In order to prevail on a charge of perjury, the State must prove beyond a reasonable doubt the following elements. (1) That the evidence given in the previous proceeding was material to the issue upon which it was given. (2) That the Defendant testified as is alleged. (3) That the testimony given was knowingly and corruptly false. Smith v. State, 721 P.2d 1088, 1094(Wyo. 1986); Edwards v. State, 577 P.2d 1380, 1382(Wyo. 1978). While it is clear what testimony was given, it is far from clear that racism was material to the deposition. The Defendant claimed he was discharged for being a “whistleblower”. There are no allegations he ever complained about issues of race. Nor would the senior officers personal views on race be material to why he was discharged. More importantly, the questions asked at the deposition revolved around memory and opinion. The actual existence of memory and or whether an opinion is truly held are difficult, if not impossible, to prove. If one doesn’t remember an incident or holds an opinion (even in the face of other evidence), stating so is not knowingly and corruptly false. None of the questions at the deposition involved anything other than expressions of opinion or memory. Many of the questions involved officers other than the deponent. No viable basis exists to conclude the testimony in the deposition constitutes perjury as that term is used in Wyoming criminal law.
The far more troublesome issue is the allegation of nepotism. Wyoming statute provides that no public official or employee shall advocate or cause the employment or appointment of a family member of an office or position of a county nor shall they supervise or manage a family member. Wyoming Statute §9-13-104(a). The Sheriff is clearly a public official as defined by §9-13-102(a) (xiv). However, the term public employee only includes certain state employees under the definition of that term in the nepotism statute. Wyoming Statute §9-13-102(a) (xii). A family member is defined as a spouse, parent, sibling, child, grandparent, grandchild or household member. Wyoming Statute §9-13-102(v). The violation of this statute would be deemed a minor offense. A violation of the statute is only punishable by a fine of up to $1,000. No jail time is possible. It would be graded similar to a minor traffic offense and is a misdemeanor.
Applying all these definitions, most of the allegations involving family members and hiring are without merit as a criminal offense. One incident does remain which must be discussed. In 2006, Skylar Pownall, the son of Sheriff Pownall, was hired as an intern with the department. The job assignment was temporary in nature but was compensated. Skylar Pownall is a family member as defined by statute and his compensated intern position makes him an employee, albeit a temporary one. Sheriff Pownall is the ultimate hiring authority. My understanding is that there are several levels to the hiring process. While the selection of candidates is handled by others, it is equally clear that the ultimate decision to employee Skylar Pownall rested with the Sheriff and this would appear to violate the misdemeanor statute. Although further investigation would be required, and although there remains a presumption of innocence which must be overcome by proof beyond a reasonable doubt, there is a reasonable basis to believe a technical violation of the law has occurred.

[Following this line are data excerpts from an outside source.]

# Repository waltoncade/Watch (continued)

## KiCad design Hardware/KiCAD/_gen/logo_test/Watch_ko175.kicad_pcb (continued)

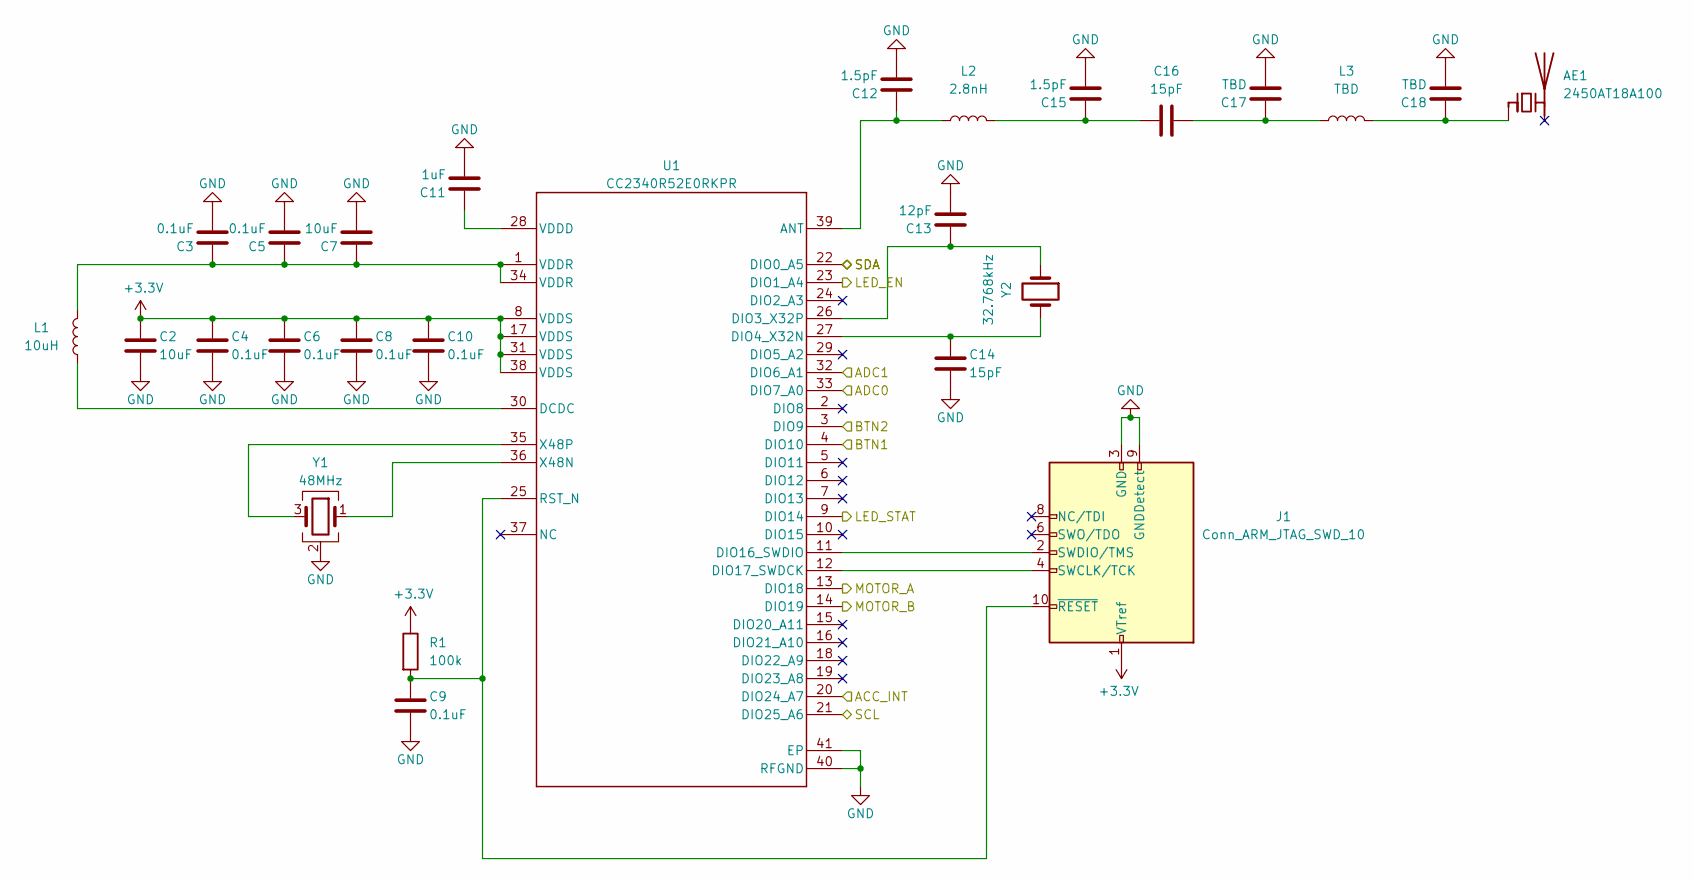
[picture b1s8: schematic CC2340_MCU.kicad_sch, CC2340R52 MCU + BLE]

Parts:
AE1: 2450AT18A100; Johanson_2450AT18x100; MPN Johanson 2450AT18A100 (placeholder, TBD)
C2, C7: 10uF; C_0402_1005Metric
C3, C4, C5, C6, C8, C9, C10: 0.1uF; C_0402_1005Metric
C11: 1uF; C_0402_1005Metric
C12, C15: 1.5pF; C_0402_1005Metric
C13: 12pF; C_0402_1005Metric
C14, C16: 15pF; C_0402_1005Metric
C17, C18: TBD; C_0402_1005Metric
J1: Conn_ARM_JTAG_SWD_10; PinHeader_2x05_P1.27mm_Vertical_SMD
L1: 10uH; L_0603_1608Metric; MPN MLZ1608N100LT000 (TI E2E-tested 0603 al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
L2: 2.8nH; L_0402_1005Metric
L3: TBD; L_0402_1005Metric
R1: 100k; R_0402_1005Metric
U1: CC2340R52E0RKPR; RKP0040B-IPC_B
Y1: 48MHz; Crystal_SMD_2016-4Pin_2.0x1.6mm; MPN TZ3908AAAO43
Y2: 32.768kHz; Crystal_SMD_2012-2Pin_2.0x1.2mm; MPN TBD (CL 6-12pF per SWRS272F CC2340R5 da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

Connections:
+3.3V: C2.1, C4.1, C6.1, C8.1, C10.1, J1.1 (VTref), R1.1, U1.8 (VDDS), U1.17 (VDDS), U1.31 (VDDS), U1.38 (VDDS); also elsewhere on the board
/ACC_INT: U1.20 (DIO24_A7); also elsewhere on the board
/LED_EN: U1.23 (DIO1_A4); also elsewhere on the board
/MCU/LED_STAT: U1.9 (DIO14); also elsewhere on the board
/MCU/MOTOR_A: U1.13 (DIO18); also elsewhere on the board
/MCU/MOTOR_B: U1.14 (DIO19); also elsewhere on the board
/SW1: U1.4 (DIO10); also elsewhere on the board
/SW2: U1.3 (DIO9); also elsewhere on the board
/bSense: U1.33 (DIO7_A0); also elsewhere on the board
/leds/SCL: U1.21 (DIO25_A6); also elsewhere on the board
/leds/SDA: U1.22 (DIO0_A5); also elsewhere on the board
/vLUX: U1.32 (DIO6_A1); also elsewhere on the board
GND: C2.2, C3.2, C4.2, C5.2, C6.2, C7.2, C8.2, C9.2, C10.2, C11.2, C12.2, C13.2, C14.2, C15.2, C17.2, C18.2, J1.3 (GND), J1.5 (GND), J1.9 (GNDDetect), U1.40 (RFGND), U1.41 (EP), Y1.2 (G), Y1.4 (G); also elsewhere on the board
unnamed: AE1.1 (FEED_1), C18.1, L3.2
unnamed: C3.1, C5.1, C7.1, L1.2, U1.1 (VDDR), U1.34 (VDDR)
unnamed: C15.1, C16.1, L2.2
unnamed: C16.2, C17.1, L3.1
unnamed 50: J1.4 (SWCLK/TCK), U1.12 (DIO17_SWDCK); also elsewhere on the board
unnamed 51: J1.2 (SWDIO/TMS), U1.11 (DIO16_SWDIO); also elsewhere on the board
unnamed: C12.1, L2.1, U1.39 (ANT)
unnamed: L1.1, U1.30 (DCDC)
unnamed: C13.1, U1.26 (DIO3_X32P), Y2.1
unnamed: C14.1, U1.27 (DIO4_X32N), Y2.2
unnamed: C11.1, U1.28 (VDDD)
unnamed: U1.36 (X48N), Y1.1
unnamed: U1.35 (X48P), Y1.3

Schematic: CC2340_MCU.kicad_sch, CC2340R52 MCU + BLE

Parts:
AE1: 2450AT18A100; Johanson_2450AT18x100; MPN Johanson 2450AT18A100 (placeholder, TBD)
C2, C7: 10uF; C_0402_1005Metric
C3, C4, C5, C6, C8, C9, C10: 0.1uF; C_0402_1005Metric
C11: 1uF; C_0402_1005Metric
C12, C15: 1.5pF; C_0402_1005Metric
C13: 12pF; C_0402_1005Metric
C14, C16: 15pF; C_0402_1005Metric
C17, C18: TBD; C_0402_1005Metric
L1: 10uH; L_0603_1608Metric; MPN MLZ1608N100LT000 (TI E2E-tested 0603 al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
L2: 2.8nH; L_0402_1005Metric
L3: TBD; L_0402_1005Metric
R1: 100k; R_0402_1005Metric
TP1: SWDIO; TestPoint_Pad_D1.0mm
TP2: SWCLK; TestPoint_Pad_D1.0mm
TP3: RESET; TestPoint_Pad_D1.0mm
TP4: 3V3; TestPoint_Pad_D1.0mm
TP5: GND; TestPoint_Pad_D1.0mm
U1: CC2340R52E0RKPR; RKP0040B-IPC_B
Y1: 48MHz; Crystal_SMD_2016-4Pin_2.0x1.6mm; MPN TZ3908AAAO43
Y2: 32.768kHz; Crystal_SMD_2012-2Pin_2.0x1.2mm; MPN TBD (CL 6-12pF per SWRS272F CC2340R5 da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

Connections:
+3.3V: C2.1, C4.1, C6.1, C8.1, C10.1, R1.1, TP4.1, U1.8 (VDDS), U1.17 (VDDS), U1.31 (VDDS), U1.38 (VDDS); also elsewhere on the board
/ACC_INT: U1.20 (DIO24_A7); also elsewhere on the board
/LED_EN: U1.23 (DIO1_A4); also elsewhere on the board
/MCU/LED_STAT: U1.9 (DIO14); also elsewhere on the board
/MCU/MOTOR_A: U1.13 (DIO18); also elsewhere on the board
/MCU/MOTOR_B: U1.14 (DIO19); also elsewhere on the board
/SW1: U1.4 (DIO10); also elsewhere on the board
/SW2: U1.3 (DIO9); also elsewhere on the board
/bSense: U1.33 (DIO7_A0); also elsewhere on the board
/leds/SCL: U1.21 (DIO25_A6); also elsewhere on the board
/leds/SDA: U1.22 (DIO0_A5); also elsewhere on the board
/vLUX: U1.32 (DIO6_A1); also elsewhere on the board
GND: C2.2, C3.2, C4.2, C5.2, C6.2, C7.2, C8.2, C9.2, C10.2, C11.2, C12.2, C13.2, C14.2, C15.2, C17.2, C18.2, TP5.1, U1.40 (RFGND), U1.41 (EP), Y1.2 (G), Y1.4 (G); also elsewhere on the board
unnamed: AE1.1 (FEED_1), C18.1, L3.2
unnamed: C3.1, C5.1, C7.1, L1.2, U1.1 (VDDR), U1.34 (VDDR)
unnamed: C15.1, C16.1, L2.2
unnamed: C16.2, C17.1, L3.1
unnamed 50: TP2.1, U1.12 (DIO17_SWDCK); also elsewhere on the board
unnamed 51: TP1.1, U1.11 (DIO16_SWDIO); also elsewhere on the board
unnamed: C12.1, L2.1, U1.39 (ANT)
unnamed: L1.1, U1.30 (DCDC)
unnamed: C13.1, U1.26 (DIO3_X32P), Y2.1
unnamed: C14.1, U1.27 (DIO4_X32N), Y2.2
unnamed: C11.1, U1.28 (VDDD)
unnamed: U1.36 (X48N), Y1.1
unnamed: U1.35 (X48P), Y1.3

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
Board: 4 copper layers, 89 parts (51 on the bottom side), 63 nets, no tracks yet.

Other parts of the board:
D501, D502: BAT54S; SOT-23
H1: Hand shaft 2.3mm NPTH; NPTH_2.0mm_HandShaft
LOGO1: W_Logo
R501, R502: 1.2k; R_0402_1005Metric
TP501: TP_COIL_A; TestPoint_Pad_1.5x1.5mm
TP502: TP_COIL_B; TestPoint_Pad_1.5x1.5mm

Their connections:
+3.3V: D501.2 (K), D502.2 (K); also elsewhere on the board
/MCU/MOTOR_A: R501.1; also elsewhere on the board
/MCU/MOTOR_B: R502.1; also elsewhere on the board
GND: D501.1 (A), D502.1 (A); also elsewhere on the board
unnamed: D501.3 (COM), R501.2, TP501.1 (1_1)
unnamed: D502.3 (COM), R502.2, TP502.1 (1_1)
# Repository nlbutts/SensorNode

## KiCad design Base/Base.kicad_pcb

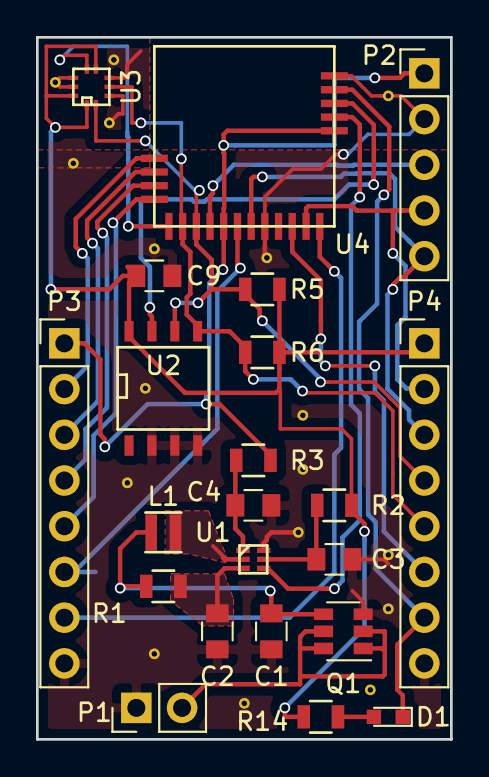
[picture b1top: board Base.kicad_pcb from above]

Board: 2 copper layers, 23.0 x 39.0 mm, 22 parts (0 on the bottom side), 26 nets.

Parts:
C1, C3, C4: 10u; C_0805
C2, C9: 0.1u; C_0805
D1: LED; LED_0603
L1: 4.7u; Inductor_Taiyo-Yuden_MD-2020
P1: CONN_01X02; Socket_Strip_Straight_1x02_Pitch2.54mm
P2: CONN_01X05; Socket_Strip_Straight_1x05_Pitch2.54mm
P3, P4: CONN_01X08; Socket_Strip_Straight_1x08_Pitch2.54mm
Q1: FDC606P; SOT-23-6
R1: 400; R_0805
R2, R3: 0; R_0805
R5, R6: 4k; R_0805
R14: 330; R_0805
U1: tps610981; WSON-6
U2: M24M01; SOIC-8-N
U3: LPS22HB; HLGA-10L
U4: CYBLE-022001-00; CYBLE-022001

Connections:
+BATT: C1.1, L1.1, Q1.4, R1.1
/ANALOG1: P3.3, U4.20
/ANALOG2: P4.6, U4.8
/GPIO1: P3.2, U4.21
/INT_DRDY: U3.7, U4.17
/LED: D1.1, P4.7, U4.2
/PS_MODE: U1.4, U4.4
/RX/MOSI: P3.5, U4.18
/SCL: P4.4, R5.2, U2.6, U3.2, U4.15
/SCLK: P3.6, U4.12
/SDA: P4.5, R6.2, U2.5, U3.4, U4.16
/SS: P3.7, U4.6
/SWDCLK: P2.4, P4.2, U4.7
/SWDIO: P2.5, P4.3, U4.11
/TX/MISO: P3.4, U4.19
/WP: U2.7, U4.3
/XRES: P2.3, U4.14
GND: C1.2, C2.2, C3.2, C4.2, C9.2, P1.1, P2.2, P3.8, P4.8, Q1.3, U1.6, U2.2, U2.3, U2.4, U3.3, U3.5, U3.8, U3.9, U4.1, U4.10
unnamed: C2.1, R1.2, U1.3
unnamed: C3.1, R2.2, U1.5
unnamed: C4.1, R3.2, U1.1
unnamed: D1.2, R14.1
unnamed: L1.2, U1.2
unnamed: P1.2, Q1.1, Q1.2, Q1.5, Q1.6
VCC: P2.1, P3.1, R3.1, U4.5, U4.13
VDD: C9.1, P4.1, R2.1, R5.1, R6.1, R14.2, U2.8, U3.1, U3.6, U3.10

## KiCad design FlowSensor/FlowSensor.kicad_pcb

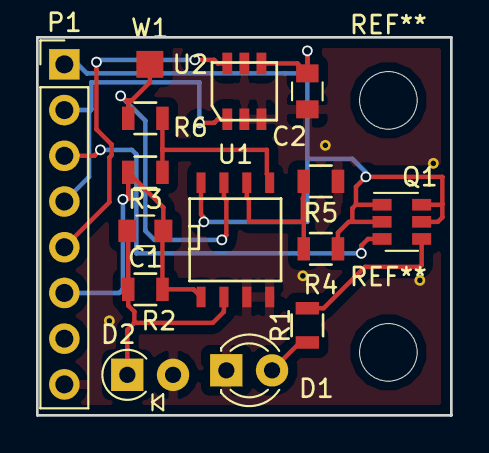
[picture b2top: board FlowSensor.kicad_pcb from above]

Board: 2 copper layers, 23.0 x 21.0 mm, 15 parts (0 on the bottom side), 12 nets.

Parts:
C1: 3p; C_0805
C2: 100n; C_0805
D1: LED; LED_D3.0mm_FlatTop
D2: PD15-21B/TR8; D_A-405_P2.54mm_Vertical_AnodeUp
P1: CONN_01X08; Socket_Strip_Straight_1x08_Pitch2.54mm
Q1: FDC606P; SOT-23-6
R1: 100; R_0805
R2: 1M; R_0805
R3: 6K; R_0805
R4, R5: 100k; R_0805
R6: 100K; R_0805
U1: LMC6062; SOIC-8-N
U2: TLV493D-A1B6; PG-TSOP-6-6-5
W1: TEST_1P; Measurement_Point_Square-SMD-Pad_Small

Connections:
/ANALOG1: C1.1, P1.6, R2.1, R3.2, U1.1
/GPIO1: P1.2, P1.4, U2.1
/GPIO2: P1.3, Q1.3
/SDA: P1.5, U2.6
GND: C2.2, D1.1, D2.2, P1.8, R5.1, U1.3, U1.4, U2.2, U2.3, U2.5
unnamed: C1.2, D2.1, R2.2, U1.2
unnamed: D1.2, R1.2
unnamed: Q1.4, R1.1
unnamed: R3.1, R6.2, U1.5
unnamed: R4.1, R5.2, U1.6
unnamed: R6.1, U1.7, W1.1
VDD: C2.1, P1.1, Q1.1, Q1.2, Q1.5, Q1.6, R4.2, U1.8, U2.4

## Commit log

2017-02-09 Initial checkin.
2017-02-09 Was able to generate the FlowSensor netlist and imported into the PCB, but the Base board fails.
2017-02-09 Got the bug fixed with the layout.
2017-02-13 Working on the layout for the base station.
2017-02-14 Completed the routing.
2017-02-15 Changing from a thermister ST LPS22HB pressure sensor.
2017-02-16 Added the software.
2017-02-17 Finished layout of SensorNode and FlowMeter boards.
2017-02-20 Ordered the PCBs
2017-03-28 Updates to the software and design.
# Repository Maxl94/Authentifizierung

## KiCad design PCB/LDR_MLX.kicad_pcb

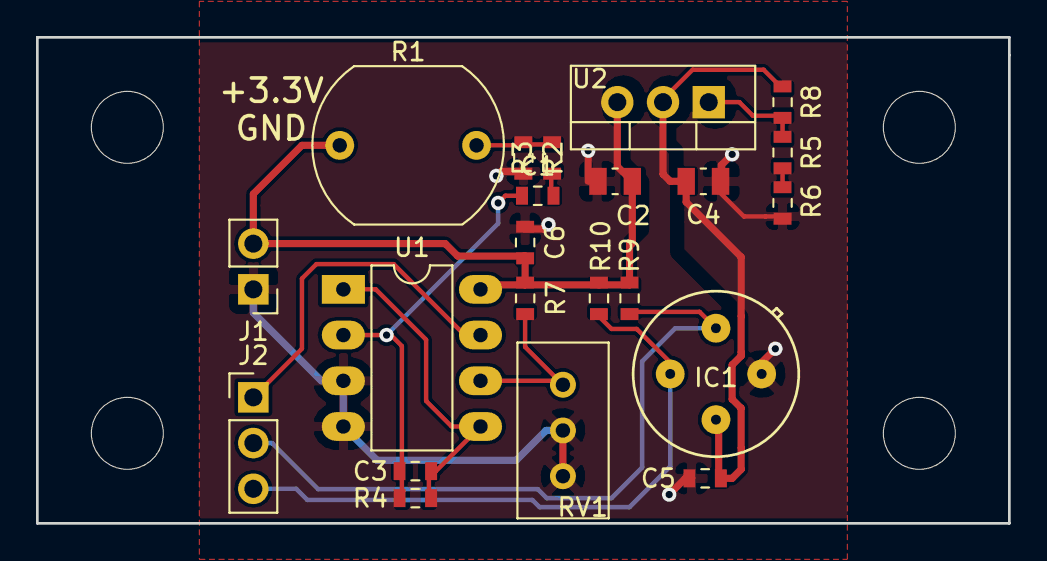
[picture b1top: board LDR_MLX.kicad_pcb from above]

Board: 2 copper layers, 54.0 x 27.0 mm, 22 parts (0 on the bottom side), 13 nets.

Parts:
C1, C5, C6: 100n; C_0603_1608Metric
C2, C4: 1u; C_0805_2012Metric
C3: 100p; C_0603_1608Metric
IC1: MLX90621
J1: Conn_01x02; PinHeader_1x02_P2.54mm_Vertical
J2: Conn_01x03; PinHeader_1x03_P2.54mm_Vertical
R1: R_PHOTO; Resistor_LDR_10x8.5_RM7.6
R2: 10k; R_0603_1608Metric
R3: 1k; R_0603_1608Metric
R4, R7: 100k; R_0603_1608Metric
R5: Behelfswiderstand; R_0603_1608Metric
R6: 130, 390, 510; R_0603_1608Metric
R8: 120, 360, 470; R_0603_1608Metric
R9, R10: 4,7k; R_0603_1608Metric
RV1: 1k; Potentiometer_Bourns_3296W_Vertical
U1: LM2904; DIP-8_W7.62mm_LongPads
U2: LM317_3PinPackage; TO-220-3_Vertical

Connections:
+3V3: C2.2, C6.2, J1.2, R1.1, R7.2, R9.2, R10.2, U1.8, U2.3
/+2.6V: C4.2, C5.2, IC1.3, R8.2, U2.2
/I2C_SCL: IC1.1, J2.2, R9.1
/I2C_SDA: IC1.2, J2.3, R10.1
/LIGHT_DET: J2.1, U1.7
GND: C2.1, C4.1, C5.1, C6.1, IC1.4, J1.1, R2.2, R6.1, RV1.2, RV1.3, U1.3, U1.4
unnamed: C1.1, C3.2, R4.2, U1.2
unnamed: C1.2, R3.1
unnamed: C3.1, R4.1, U1.1, U1.5
unnamed: R1.2, R2.1, R3.2
unnamed: R5.1, R6.2
unnamed: R5.2, R8.1, U2.1
unnamed: R7.1, RV1.1, U1.6

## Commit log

2018-01-08 Init
2018-01-10 Ansteuerung GPS Modul per UART
2018-01-10 Webserver Addes Update, Create, Delete Mode, Bugfiexes Modes
2018-01-10 Added button for stopping alarm, small bugfiex in views
2018-01-10 GPS aufgeräumt, LDR hinzugefügt
2018-01-15 Thermosensor und Auswertung hinzugefügt, IP Addr geg. anpassen
2018-01-16 Addes Michis Zeug und Videos
2018-01-16 Added Video support
2018-01-16 chore: remove unused sensors
2018-01-16 add:add utility files
2018-01-16 fix: change dependency, change file directory
2018-01-16 chore: add vscode to ignore file
2018-01-16 chore: remove vscode dir
2018-01-16 chore: remove __pycache__
2018-01-16 chore: remove .idea from utilities
2018-01-16 chore: remove .iml file
2018-01-16 Added font
2018-01-16 Updatet Settings
2018-01-16 Added: BNO055 9dof sensor
2018-01-16 chore: change hm dir location
2018-01-16 feat: add gyro connection
2018-01-16 fix: spaces and tabs mixed
2018-01-16 chore: add logs for config
2018-01-16 Change start mode
2018-01-16 fix: use start alarm not stop alarm
2018-01-16 fix: using same variable names as django for sensors
2018-01-16 fix: add better print comment
2018-01-16 Debug
2018-01-16 chore: add better debug output
2018-01-16 Pfad angepasst
2018-01-16 Added stop_alarm
2018-01-16 feat: add light sensor
2018-01-16 Added start sensors ond start server
2018-01-16 Bugfix
2018-01-16 fix: doesnt wait for alarm duration if stopped by gui earlier
2018-01-16 Bugfix switch (hoffentlich)
2018-01-16 fix: add init for mixer, renamed vars, used native busy method
2018-01-16 Added: start script for django server
2018-01-16 fix: removed unimplemented method
2018-01-16 LDR Update
2018-01-16 Bugfis switches
2018-01-16 Repaces switch with checkbox
2018-01-16 feat: add ir sensoric
2018-01-16 fix: correct import motion modul for ir
2018-01-16 Bugfix checkbox, hässlich aber geht
2018-01-16 Text rechts
2018-01-16 IR Modul läuft irgendwie
2018-01-20 added: template for paper
2018-01-20 removed copyright space
2018-01-20 Added: Einleitung
2018-01-20 Added: Beschleunigungssensor
2018-01-20 Added: Plattform
2018-01-20 Einleitung umformuliert
2018-01-20 Added: Elektronisches Schloss
2018-01-20 added: Fazit
2018-01-20 fix: Achsenbeschriftung bei Akzelerogramm vertauscht
2018-01-20 Klarstellung was ein Alarm ist
2018-01-21 Text: IR Sensor hinzugefügt
2018-01-21 IR Sensor falsche Datei hinzugefügt
2018-01-23 Sirene Anfang weggeschnitten
2018-01-23 Desgine improvments, Bugfixes
2018-01-23 Schnellerer Abfragezyklus der Sensoren
2018-01-23 Added Savezones
2018-01-23 feat: add dummy for gps implementation
2018-01-23 Added savezones, bugfixes profiles
2018-01-23 feat: add safe zone dummies and gps diff control
2018-01-23 fix: use libary for geo calculations instead of approximation
2018-01-23 Smaller Bugfixes
2018-01-23 feat: implementation for safe zone check
2018-01-23 chore: use higher threshold for gps, add used units in comments
2018-01-23 feat: add implementation to gps_modul
2018-01-23 chore: updat var names to new model names
2018-01-25 HW: Kartenleser (NFC?) hinzugefügt. Kleines Beispiel am Ende
2018-02-03 chore: fix errors in some comments
2018-02-03 feat: add db_rdy_flag as parameter
2018-02-03 Bugfixes Server, added dummy for savezones, fix database
2018-02-03 Bugfix ir sensor
2018-02-03 SyntaxError fix
2018-02-03 Added location
2018-02-03 Added get location
2018-02-03 Addes location js
2018-02-03 Location js
2018-02-03 Added GPS
2018-02-03 Bugfix safezones
2018-02-03 Permant GPS
2018-02-03 Bugfix saving
2018-02-03 Fix Coordinate
2018-02-03 Bugfix gps
2018-02-03 Fix db
2018-02-03 chore: add madness slide
2018-02-03 New GPS Support
2018-02-03 Bugfux
2018-02-03 Removed "check_save_zones"
2018-02-03 Only saving gps data if changed
2018-02-03 Bugfix Coordinates not showing up
2018-02-03 Removed print
2018-02-03 Added Current Location to update
2018-02-03 Removed "Current Location" Entry from overview
2018-02-03 Button left
2018-02-03 Changed label of radius
2018-02-03 Changed labels
2018-02-03 Video support
2018-02-03 Video bugfix
2018-02-03 Bugfix video
2018-02-03 Test2
2018-02-03 Webm support
2018-02-03 Test Video
2018-02-03 Webm
2018-02-03 Flask
2018-02-03 Fixed images size
2018-02-03 Fixed size
2018-02-03 Added NFC support
2018-02-03 Nontype error IR
2018-02-03 Spelling mistake
2018-02-03 Alle Features integriert, zum Testen freigegeben
2018-02-03 Kleinere Aenderungen, Alarm geht automatisch aus wenn Profil gewechselt wird, Datenbank default angepasst
2018-02-04 Poster: Kopfzeile
2018-02-04 Poster finalisiert
2018-02-04 Poster: Typos repariert
2018-02-05 Platine hinzugefügt
2018-02-05 BNO Werte angepasst, Motion Detection History Background angepasst und Request pro Zeit verringert
2018-02-05 Settings: Alle Hosts erlauben Datenbank: Default Werte geändert
2018-02-05 Captive Portal Funktion hinzugefügt: Alle Request ohne bekannte URL werden nun per 302 auf die Loginseite weitergeleitet. Problem ist das die URL RegExe alle mit / enden (z.B. settings/create/) aber 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
2018-02-05 Added LED and alarmstop
2018-02-06 Erneut in richtige Pfade geändert
2018-02-18 Umfragenergebnisse hinzugefügt

Although a potential violation of the law has been identified, the question remains whether prosecution should ensure. One could frequently write an offender a misdemeanor citation but warnings are often just as effective. Both the NDAA Standards and ABA Standards on prosecution state that criminal charges need not be filed, even if a factual basis exists for a charge. Among the criteria cited by both bodies are the following, Their seriousness of the alleged offense, the age of the alleged offense, the deterrent effect of prosecution on the proposed defendant and others the frequency with which the criminal statute is enforced, undue hardship to the accused and a host of other factors which indicate whether prosecution is in the public’s interest. One factor both bodies recognize is that reason to not charge may be founded on the existence of improper motives on the part of a victim or witness. NDAA STANDARDS FOR PROSECUTION 43.6 AND ABA STANDARD 3-3.9.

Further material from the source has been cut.